The simulation analysis on internal radiation heat transfer simulation of polysilicon reduction furnace based on fluent

针对多晶硅还原炉内部三氯氢硅发生的化学沉积反应内部换热能耗复杂,测定相关传热系数难度较大的问题,为进一步还原炉生产工艺节能减排提供理论依据,本研究通过建立实际生产中的还原炉三维模型,利用计算流体动力学方法,在考虑对流和辐射传热损失的条件下,对还原炉内部进行数值模拟及其场协同分析,探究流体流动与传热特性规律。结果表明:湍动能较大处发生在进气喷口处,流场稳定均匀性较差;硅棒周围温度明显高于其他区域,2-2.5 m处截面温度均匀分布,入射辐射能量最大达到3.35×10~5 W/m^2;硅棒直径增大,Nu数逐渐增加,协同角θ减小,使得壁面速度梯度增加,内壁发射率与材料的表面粗糙度有关,发射率越小,硅棒辐射能量损失减少,内部热量相对集中,有利于强化传热。

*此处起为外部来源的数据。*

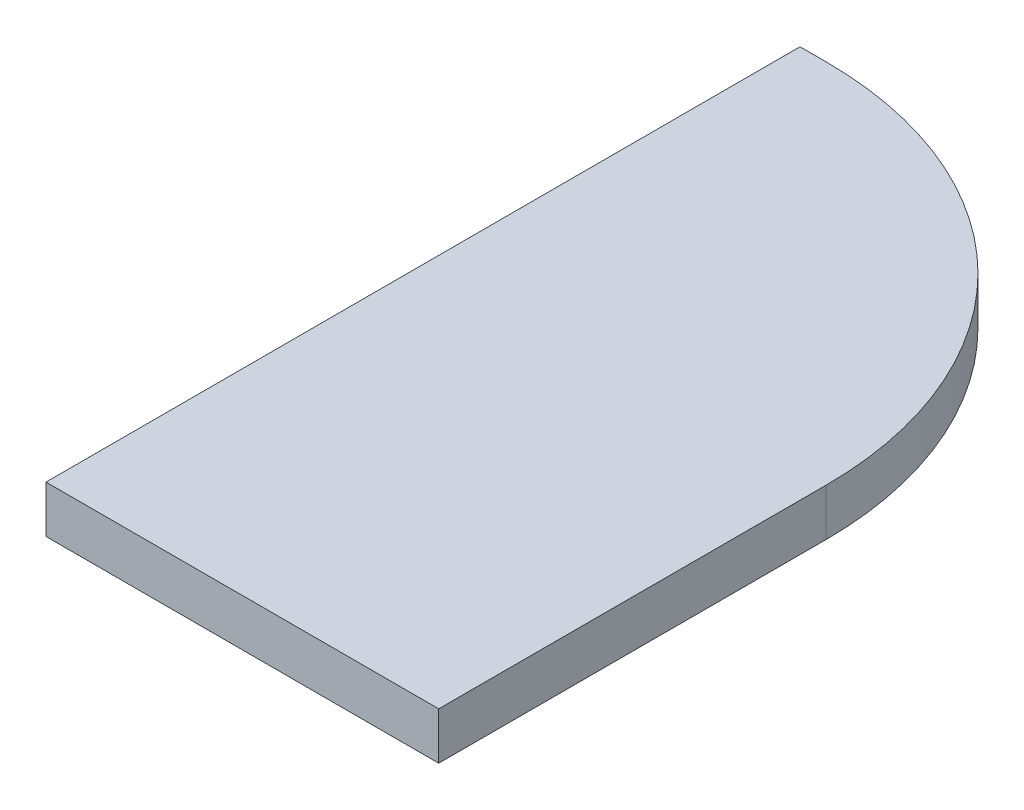
SolidWorks part; units mm, degrees
ref_plane "Front Plane" through (0, 0, 0) normal (0, 0, 1) x (1, 0, 0)
ref_plane "Top Plane" through (0, 0, 0) normal (0, 1, 0) x (1, 0, 0)
ref_plane "Right Plane" through (0, 0, 0) normal (1, 0, 0) x (0, 0, -1)
sketch "Sketch1" plane through (0, 0, 0) normal (0, 1, 0) x (1, 0, 0)
  line L1 (75, -144) -> (-75, -144)
  line L2 (75, -144) -> (75, 4)
  line L3 (-65, 144) -> (-75, 144)
  line L4 (-75, -144) -> (-75, 144)
  line L5 (75, -144) -> (-75, 144) construction
  line L6 (75, 144) -> (-75, -144) construction
  arc A0 (-65, 144) -> (75, 4) centre (-65, 4) cw
  point P0 (0, 0)
  dimension "D3" = 140
  dimension "D1" = 288
  dimension "D2" = 150
extrude "Boss-Extrude1" add sketch "Sketch1" along normal blind 18
equation "\"H_DSP\"=18"
equation "\"D1@Boss-Extrude1\"=\"H_DSP\""
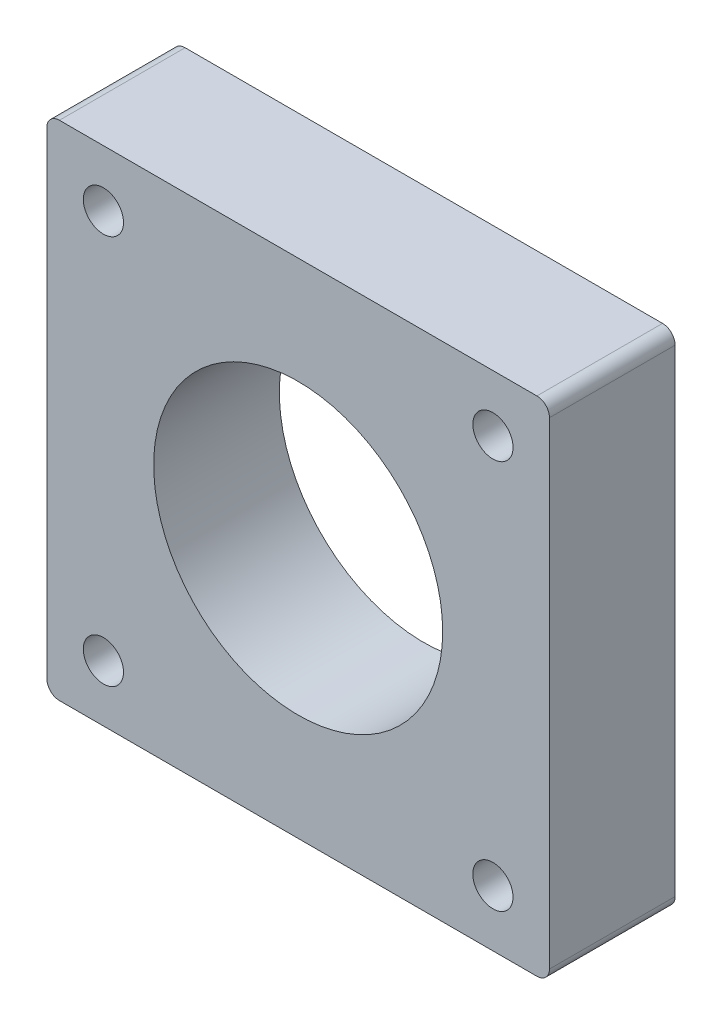
SolidWorks part; units mm, degrees
ref_plane "Front Plane" through (0, 0, 0) normal (0, 0, 1) x (1, 0, 0)
ref_plane "Top Plane" through (0, 0, 0) normal (0, 1, 0) x (1, 0, 0)
ref_plane "Right Plane" through (0, 0, 0) normal (1, 0, 0) x (0, 0, -1)
sketch "Sketch1" plane through (0, 0, 0) normal (0, 0, 1) x (1, 0, 0)
  line L0 (-20, 19) -> (-20, -19)
  line L1 (-15.5, -15.5) -> (15.5, -15.5) construction
  line L2 (-15.5, -15.5) -> (-15.5, 15.5) construction
  line L3 (-15.5, 15.5) -> (15.5, 15.5) construction
  line L4 (15.5, -15.5) -> (15.5, 15.5) construction
  line L5 (-15.5, -15.5) -> (15.5, 15.5) construction
  line L6 (-15.5, 15.5) -> (15.5, -15.5) construction
  line L7 (-19, -20) -> (19, -20)
  line L8 (20, 19) -> (20, -19)
  line L9 (-19, 20) -> (19, 20)
  line L11 (-20, -20) -> (20, 20) construction
  line L12 (-20, 20) -> (20, -20) construction
  circle A0 centre (0, 0) radius 11.5
  circle A1 centre (-15.5, 15.5) radius 1.6
  circle A2 centre (15.5, 15.5) radius 1.6
  circle A3 centre (15.5, -15.5) radius 1.6
  circle A4 centre (-15.5, -15.5) radius 1.6
  arc A5 (-20, -19) -> (-19, -20) centre (-19, -19) ccw
  arc A6 (19, -20) -> (20, -19) centre (19, -19) ccw
  arc A7 (20, 19) -> (19, 20) centre (19, 19) ccw
  arc A8 (-20, 19) -> (-19, 20) centre (-19, 19) cw
  point P0 (0, 0)
  point P36 (-20, 6)
  point P43 (20, 6)
  point P44 (0, 20)
  dimension "D3" = 23
  dimension "D4" = 40
  dimension "D6" = 1
  dimension "D1" = 31
  dimension "D2" = 31
  dimension "D5" = 40
extrude "Boss-Extrude1" add sketch "Sketch1" along normal blind 10
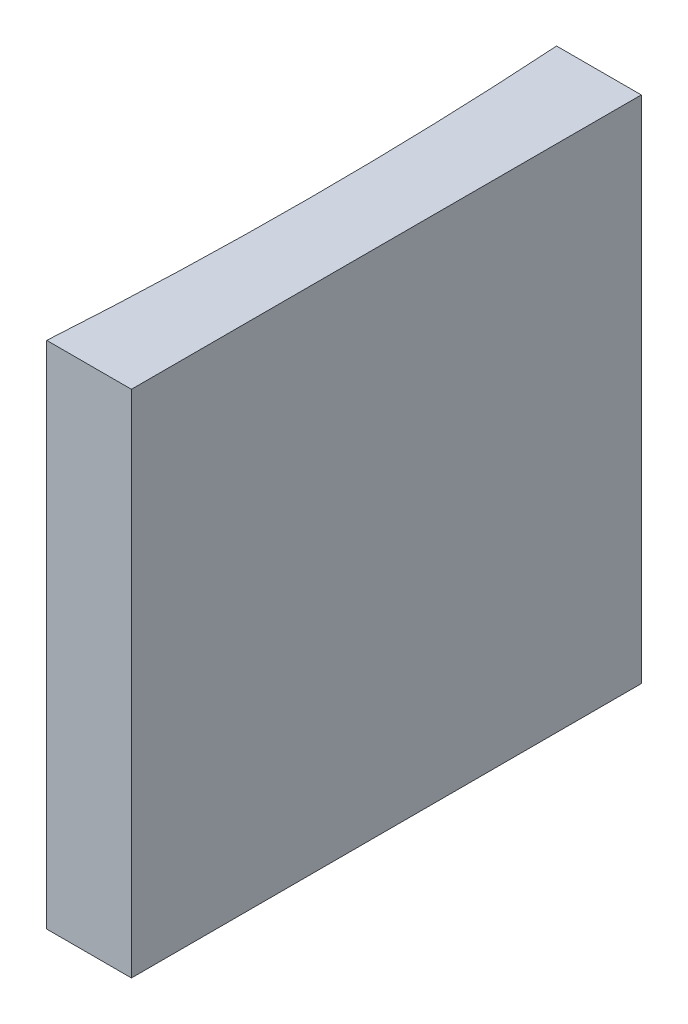
SolidWorks part; units mm, degrees
ref_plane "前视基准面" through (0, 0, 0) normal (0, 0, 1) x (1, 0, 0)
ref_plane "上视基准面" through (0, 0, 0) normal (0, 1, 0) x (1, 0, 0)
ref_plane "右视基准面" through (0, 0, 0) normal (1, 0, 0) x (0, 0, -1)
sketch "草图1" plane through (0, 0, 0) normal (0, 1, 0) x (1, 0, 0)
  line L0 (0, 0) -> (0, -20)
  line L1 (0, 0) -> (-3.3227, 0)
  line L2 (0, -20) -> (-3.3227, -20)
  line L3 (8.2336, -10) -> (-10.4405, -10) construction
  arc A0 (-3.3227, -20) -> (-3.3227, 0) centre (-158.1, -10) ccw
  point P7 (-3, -10)
  point P8 (0, -10)
  dimension "D2" = 155.1
  dimension "D3" = 3
  dimension "D1" = 20
extrude "凸台-拉伸1" add sketch "草图1" along normal blind 20
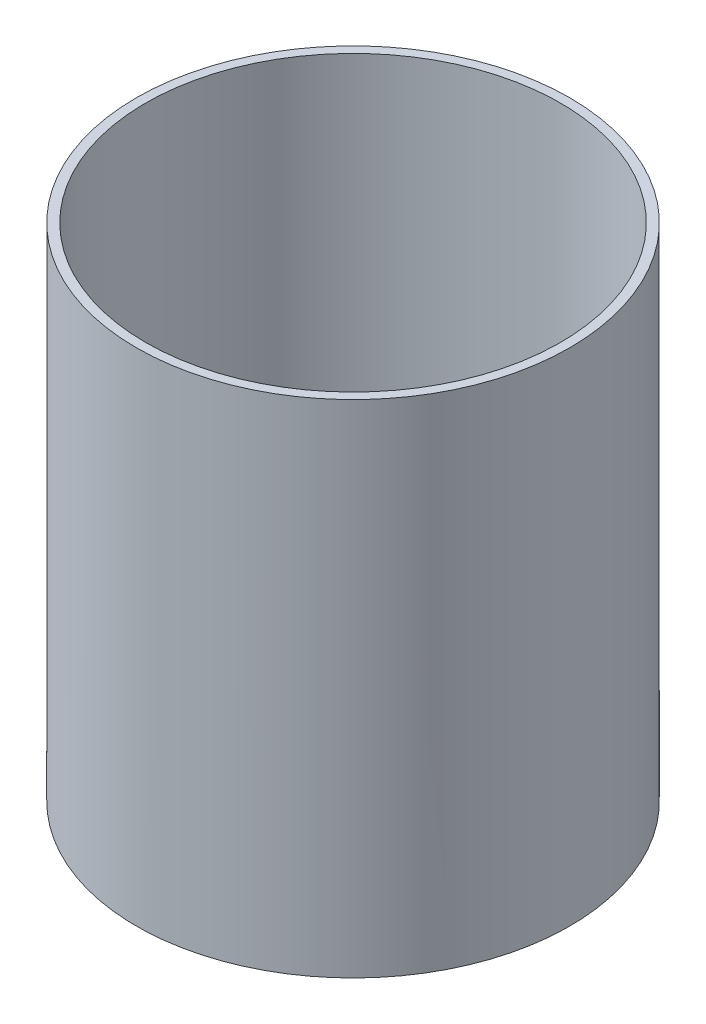
SolidWorks part; units mm, degrees
ref_plane "Front Plane" through (0, 0, 0) normal (0, 0, 1) x (1, 0, 0)
ref_plane "Top Plane" through (0, 0, 0) normal (0, 1, 0) x (1, 0, 0)
ref_plane "Right Plane" through (0, 0, 0) normal (1, 0, 0) x (0, 0, -1)
sketch "Sketch1" plane through (0, 0, 0) normal (0, 1, 0) x (1, 0, 0)
  circle A0 centre (0, 0) radius 48.641
  circle A1 centre (0, 0) radius 50.8
  dimension "D1" = 97.282
  dimension "D2" = 101.6
extrude "Boss-Extrude1" add sketch "Sketch1" along normal blind 114.3
sketch "Sketch2" plane through (0, 0, 0) normal (0, -1, 0) x (1, 0, 0)
  circle A0 centre (-38.1, 0) radius 3.175
  circle A1 centre (38.1, 0) radius 3.175
  circle M1 centre (0, 0) radius 50.8
  circle M2 centre (0, 0) radius 48.641
  dimension "D1" = 76.2
  dimension "D3" = 6.35
  dimension "D4" = 6.35
  dimension "D2" = 38.1
extrude "Boss-Extrude2" add sketch "Sketch2" along normal blind 3.175 contours A1 A0 M2 | M1 M2
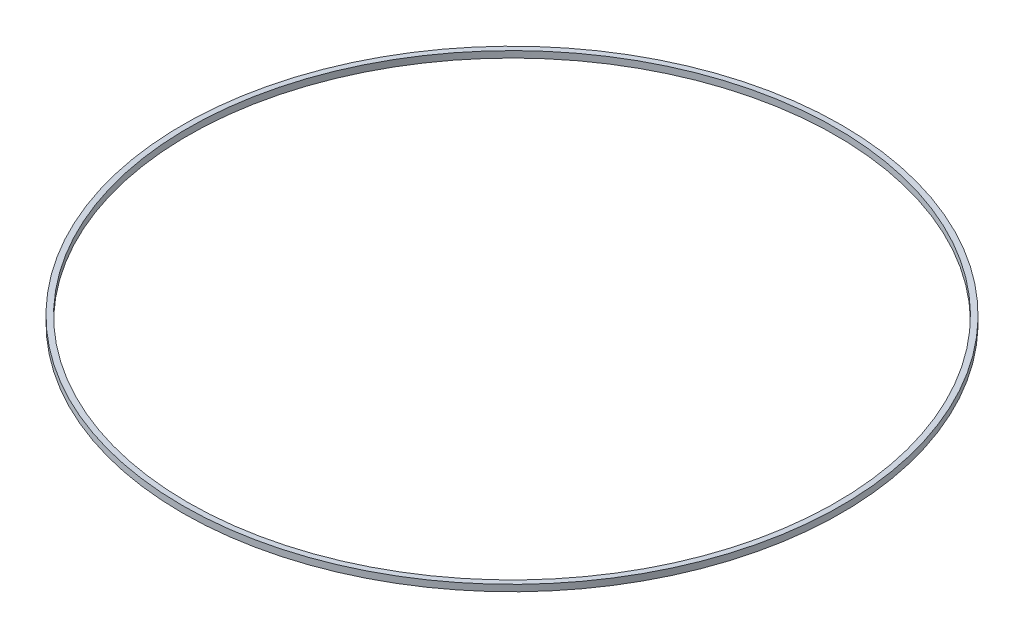
SolidWorks part; units mm, degrees
ref_plane "Front Plane" through (0, 0, 0) normal (0, 0, 1) x (1, 0, 0)
ref_plane "Top Plane" through (0, 0, 0) normal (0, 1, 0) x (1, 0, 0)
ref_plane "Right Plane" through (0, 0, 0) normal (1, 0, 0) x (0, 0, -1)
sketch "Sketch2" plane through (0, 0, 0) normal (0, 1, 0) x (1, 0, 0)
  circle A0 centre (0, 0) radius 153
  circle A1 centre (0, 0) radius 150.5
  dimension "D1" = 306
  dimension "D2" = 301
extrude "Boss-Extrude1" add sketch "Sketch2" along normal blind 3
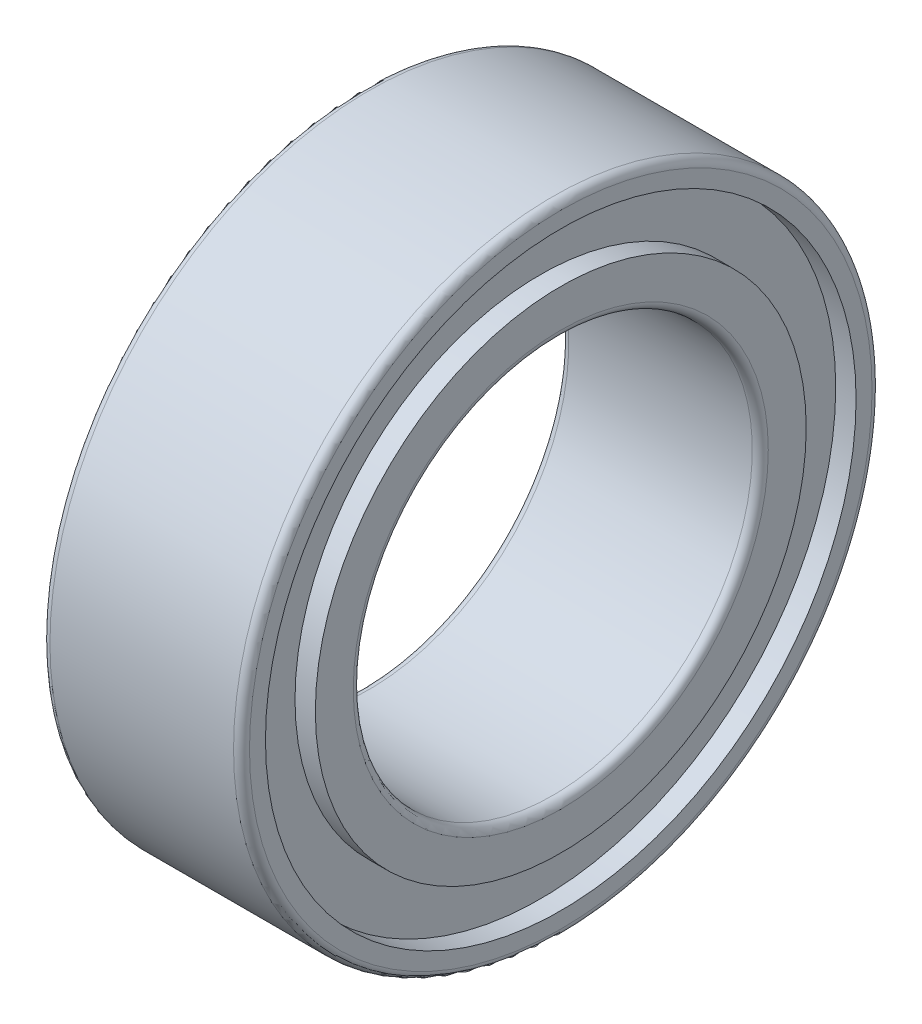
SolidWorks part; units mm, degrees
ref_plane "Front Plane" through (0, 0, 0) normal (0, 0, 1) x (1, 0, 0)
ref_plane "Top Plane" through (0, 0, 0) normal (0, 1, 0) x (1, 0, 0)
ref_plane "Right Plane" through (0, 0, 0) normal (1, 0, 0) x (0, 0, -1)
ref_plane "Plane1" through (0, 0, 0) normal (0, 0, 1) x (1, 0, 0)
sketch "Sketch1" plane through (0, 0, 0) normal (0, 0, 1) x (1, 0, 0)
  line L0 (0, 3.9) -> (0, 3.7)
  line L1 (0, 3.7) -> (0.255, 3.7)
  line L2 (0.255, 3.7) -> (0.255, 3.075)
  line L3 (0.255, 3.075) -> (0, 3.075)
  line L4 (0, 3.075) -> (0, 2.6)
  line L5 (0.1, 2.5) -> (2.4, 2.5)
  line L6 (2.5, 2.6) -> (2.5, 3.075)
  line L7 (2.5, 3.075) -> (2.245, 3.075)
  line L8 (2.245, 3.075) -> (2.245, 3.7)
  line L9 (2.245, 3.7) -> (2.5, 3.7)
  line L10 (2.5, 3.7) -> (2.5, 3.9)
  line L11 (2.4, 4) -> (0.1, 4)
  line L12 (2.4, 0) -> (0.1, 0) construction
  arc A0 (0, 2.6) -> (0.1, 2.5) centre (0.1, 2.6) ccw
  arc A1 (2.4, 2.5) -> (2.5, 2.6) centre (2.4, 2.6) ccw
  arc A2 (2.5, 3.9) -> (2.4, 4) centre (2.4, 3.9) ccw
  arc A3 (0.1, 4) -> (0, 3.9) centre (0.1, 3.9) ccw
revolve "Revolve1" add sketch "Sketch1" angle 360 about L12

Aiming at the polysilicon reducing furnace internal chemical deposition reaction of trichlorosilane,the internal heat exchange energy consumption is complex and the relative heat transfer coefficient is difficult to measure.In this research,the three-dimensional model of the reduction furnace was established in the real production process,under the condition of considering the heat convection and radiation losses and under the condition of the model,numerical simulation and field synergy analysis are used to research on the laws of the fluid flow and heat transfer characteristics.The results show that the place with larger turbulent kinetic energy is in the intake vents,and with the less stable flow field uniformity.The ambient temperature of silicon rod is significantly higher than other regions.Uniform temperature distribution is at the 2-2.5 m cross section and the maximum energy of the incident radiation can reach to 3.35 x 10~5 W/m^2.When the diameter of silicon rodincreases,Nu increases gradually and synergy angle decreases,resulting in the increasing of wall velocity gradient.Inner wall emissivity is associated with the surface roughness of materials,and the smaller rate of emission,resulting in the reducing of silicon rods radiation energy loss and the relative concentration of internal heat,which is conducive to the enhancement of heat transfer and can providing a theoretical basis for the further reduction furnace production process energy saving.